電話裡,常歡猶豫了一下問,“唯朵,你還好嗎?”自從那一晚以後,她一直擔心著。

頓了幾秒。

“好,我很好。”她闔了闔目。

終於有人問她到底好不好,這感覺真好。

掛掉電話,再睜開眼時,四周竟然霧騰騰的,鏡子裡的自己,好模糊。

“怎麼會這樣?”她慌忙擦著鏡子。

但是,無論怎麼擦鏡子還是霧濛濛的。

很快,她知道了原因。

“不要哭,不許哭!”她對著鏡子大喊,命令自己。

她瞪大眼睛,再瞪大眼睛,象在星巴克裡一樣,只要把眼睛瞪得大大,就沒有人能看出她內心的脆弱與受傷。

“不許哭,求求你,不要哭!”她慌聲命令。

可是,這個方法好象已經失效,眼淚就象決堤般,洶湧而出。

……

一個小時後,提著箱子,她下了樓。

小弄還在哭哭啼啼的。

她又去小弄的房間,環視了一圈,確定沒有遺落,她拿出櫃子裡的小箱子。

“好了,我們走吧!”她語氣平淡。

“我不要,我要留在這裡等爸爸,問他為什麼突然不要我們了!”小弄任性地大喊。

“走!”她扯住小弄的手。

小弄不依,用力甩開,坐在樓梯口,一副要和她作對的樣子。

她不語,瞅著她,語氣平平,“不要惹我生氣。
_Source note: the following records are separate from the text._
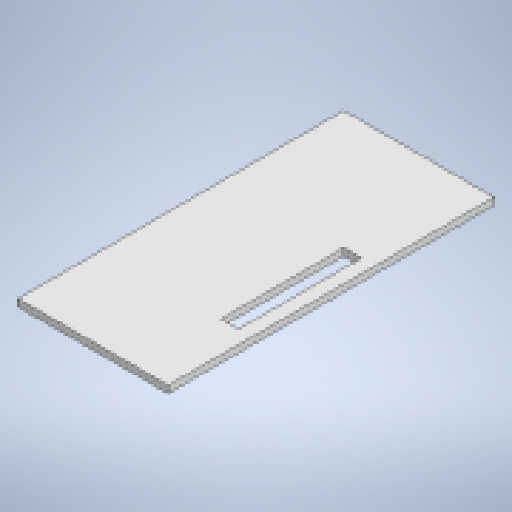
# Autodesk Inventor part: Arduino Lid
Saved by Autodesk Inventor 2024 (Build 280153000, 153)
## iProperties
Created: 2023-11-29
Part Number: Arduino Lid
Material: Generic
Document SubType Name: Modeling
Designer: close
Density: 1 g/cm^3
Appearance: Default
Author: close
Autodesk Inventor part; units mm, degrees
ref_plane "YZ Plane" through (0, 0, 0) normal (1, 0, 0) x (0, 1, 0)
ref_plane "XZ Plane" through (0, 0, 0) normal (0, 1, 0) x (-1, 0, 0)
ref_plane "XY Plane" through (0, 0, 0) normal (0, 0, 1) x (1, 0, 0)
sketch "Sketch1" plane through (0, 0, 0) normal (0, 1, 0) x (-1, 0, 0)
  line L0 (20.49, -1.25) -> (1.25, -1.25)
  line L1 (1.25, -1.25) -> (1.25, -45.89)
  line L2 (1.25, -45.89) -> (20.49, -45.89)
  line L3 (20.49, -45.89) -> (20.49, -1.25)
  line L4 (18.49, -3.25) -> (3.25, -3.25) construction
  line L5 (3.25, -3.25) -> (3.25, -43.89) construction
  line L6 (3.25, -43.89) -> (18.49, -43.89) construction
  line L7 (18.49, -43.89) -> (18.49, -3.25) construction
  circle A0 centre (18.49, -3.25) radius 2 construction
  circle A1 centre (18.49, -3.25) radius 0.75 construction
  circle A2 centre (18.49, -43.89) radius 2 construction
  circle A3 centre (18.49, -43.89) radius 0.75 construction
  circle A4 centre (3.25, -43.89) radius 2 construction
  circle A5 centre (3.25, -43.89) radius 0.75 construction
  circle A6 centre (3.25, -3.25) radius 2 construction
  circle A7 centre (3.25, -3.25) radius 0.75 construction
  line L8 (0, -47.14) -> (21.74, -47.14)
  line L9 (21.74, -47.14) -> (21.74, 0)
  line L10 (21.74, 0) -> (0, 0)
  line L11 (0, 0) -> (0, -47.14)
  line L12 (19.49, -2.25) -> (2.25, -2.25)
  line L13 (2.25, -2.25) -> (2.25, -44.89)
  line L14 (2.25, -44.89) -> (19.49, -44.89)
  line L15 (19.49, -44.89) -> (19.49, -2.25)
  dimension "d2" = 40.64
  dimension "d3" = 15.24
  dimension "d4" = 1.5
  dimension "d5" = 4
  dimension "d6" = 1.25
  dimension "d7" = 1.25
  dimension "d8" = 1.25
  dimension "d9" = 1.25
  dimension "d12" = 1
  dimension "d13" = 1
  dimension "d14" = 1
  dimension "d15" = 1
  constraints: 32 end point, 9 coincident, 8 centre point, 8 parallel, 6 equal radius, 4 horizontal, 4 perpendicular, 4 tangent
  measures "d2" distance of L7.start L7.end
  measures "d3" distance of L7.end L5.start
  measures "d4" diameter of A1
  measures "d5" diameter of A0
  measures "d6" distance between parallel lines of L3 L9
  measures "d7" distance between parallel lines of L10 L0
  measures "d8" distance between parallel lines of L8 L2
  measures "d9" distance between parallel lines of L1 L11
  measures "d12" distance between parallel lines of L15 L3
  measures "d13" distance between parallel lines of L0 L12
  measures "d14" distance between parallel lines of L1 L13
  measures "d15" distance between parallel lines of L2 L14
extrude "Extrusion1" add sketch "Sketch1" against normal blind 1 contours L3 L2 L1 L0
extrude "Extrusion2" add sketch "Sketch1" along normal blind 1 contours L3 L2 L1 L0 | L11 L10 L9 L8 | L15 L14 L13 L12
sketch "Sketch2" plane through (0, -1, 0) normal (0, -1, 0) x (1, 0, 0)
  line L0 (-4.52, -29.92) -> (-1.98, -29.92)
  line L1 (-1.98, -29.92) -> (-1.98, -12.14)
  line L2 (-1.98, -12.14) -> (-4.52, -12.14)
  line L3 (-4.52, -12.14) -> (-4.52, -29.92)
  circle A0 centre (-3.25, -28.65) radius 0.508 construction
  circle A1 centre (-3.25, -13.41) radius 0.508 construction
  point P0 (0, 0)
  point P1 (-3.25, -29.92)
  dimension "d20" = 2.54
  dimension "d21" = 17.78
  dimension "d22" = 15.24
  dimension "d23" = 1.27
  dimension "d24" = 1.27
  constraints: 8 end point, 2 parallel, 1 horizontal, 1 midpoint, 1 perpendicular
  measures "d20" distance between parallel lines of L1 L3
  measures "d21" distance between parallel lines of L2 L0
  measures "d22" distance of A1.centre A0.centre
  measures "d23" distance of point (-3.25, -29.92) A0.centre
  measures "d24" distance from line of L3 A1.centre
extrude "Extrusion3" cut sketch "Sketch2" against normal through all
equation "\"d7\" = d6"
equation "\"d8\" = d7"
equation "\"d9\" = d7"
equation "\"d21\" = 7 * d20"
equation "\"d23\" = -0.5 * d22 + 0.5 * d21"
equation "\"d24\" = 0.5 * d20"
body "Solid1"

”小弄一向早熟,從來都很聽她的話,現在,到底是誰寵壞了她?

小弄正想反駁,但是,抬眸間,整個人都諤了。

因為,媽媽的眼睛很腫,很明顯剛哭過的樣子。

“如果沒有任何把握,不要留在這裡被人羞辱!”她面無表情地警告小弄。

小弄微張小嘴,目不轉睛凝著她。

“所以,你要不要跟我走?!”她沉臉逼問。

彷彿只要小弄搖頭,她真的會狠心把她丟下來。